Brief :: Look for the string "length" in the listing below and copy every line in which it appears.

# # # # #

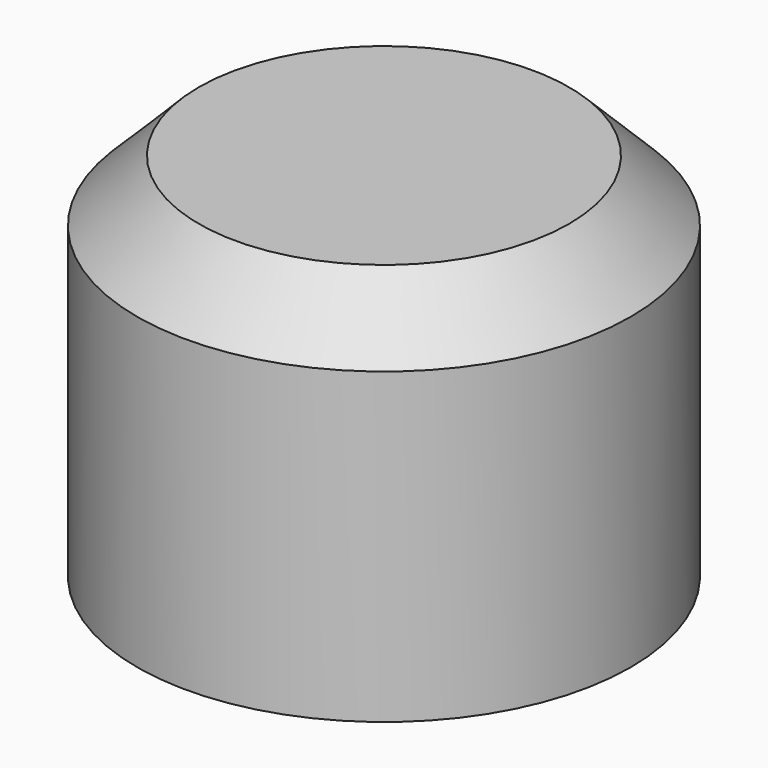
from build123d import *

# Parameters (mm, degrees)
F0_R     = 12.7
F1_DEPTH = 19.05
F2_SIZE  = 3.175
F3_T     = -3.175
F4_SIZE  = 3.17499


# Not quite as in the source:
# - a fillet or chamfer is up to 0.001 mm smaller than in the source, because OpenCascade refuses the exact size


with BuildPart() as f1:
    # F0 (on Top) → F1 (new body)
    with BuildSketch(Plane.XY):
        Circle(F0_R)
    extrude(amount=F1_DEPTH)

    # F2
    f2_edges = [f1.edges().sort_by_distance(p)[0] for p in [
        (-12.7, 0, 19.05),
    ]]
    chamfer(f2_edges, length=F2_SIZE)

    # F3
    f3_openings = [f1.faces().sort_by_distance(p)[0] for p in [
        (0, 0, 0),
    ]]
    offset(amount=F3_T, openings=f3_openings)

    # F4 (size 3.175 in the source; OpenCascade refuses exactly that, so slightly less here)
    f4_edges = [f1.edges().sort_by_distance(p)[0] for p in [
        (-9.525, 0, 0),
    ]]
    chamfer(f4_edges, length=F4_SIZE)


solid = f1.part

# # # # #

Response for this exercise ::
    chamfer(f2_edges, length=F2_SIZE)
    chamfer(f4_edges, length=F4_SIZE)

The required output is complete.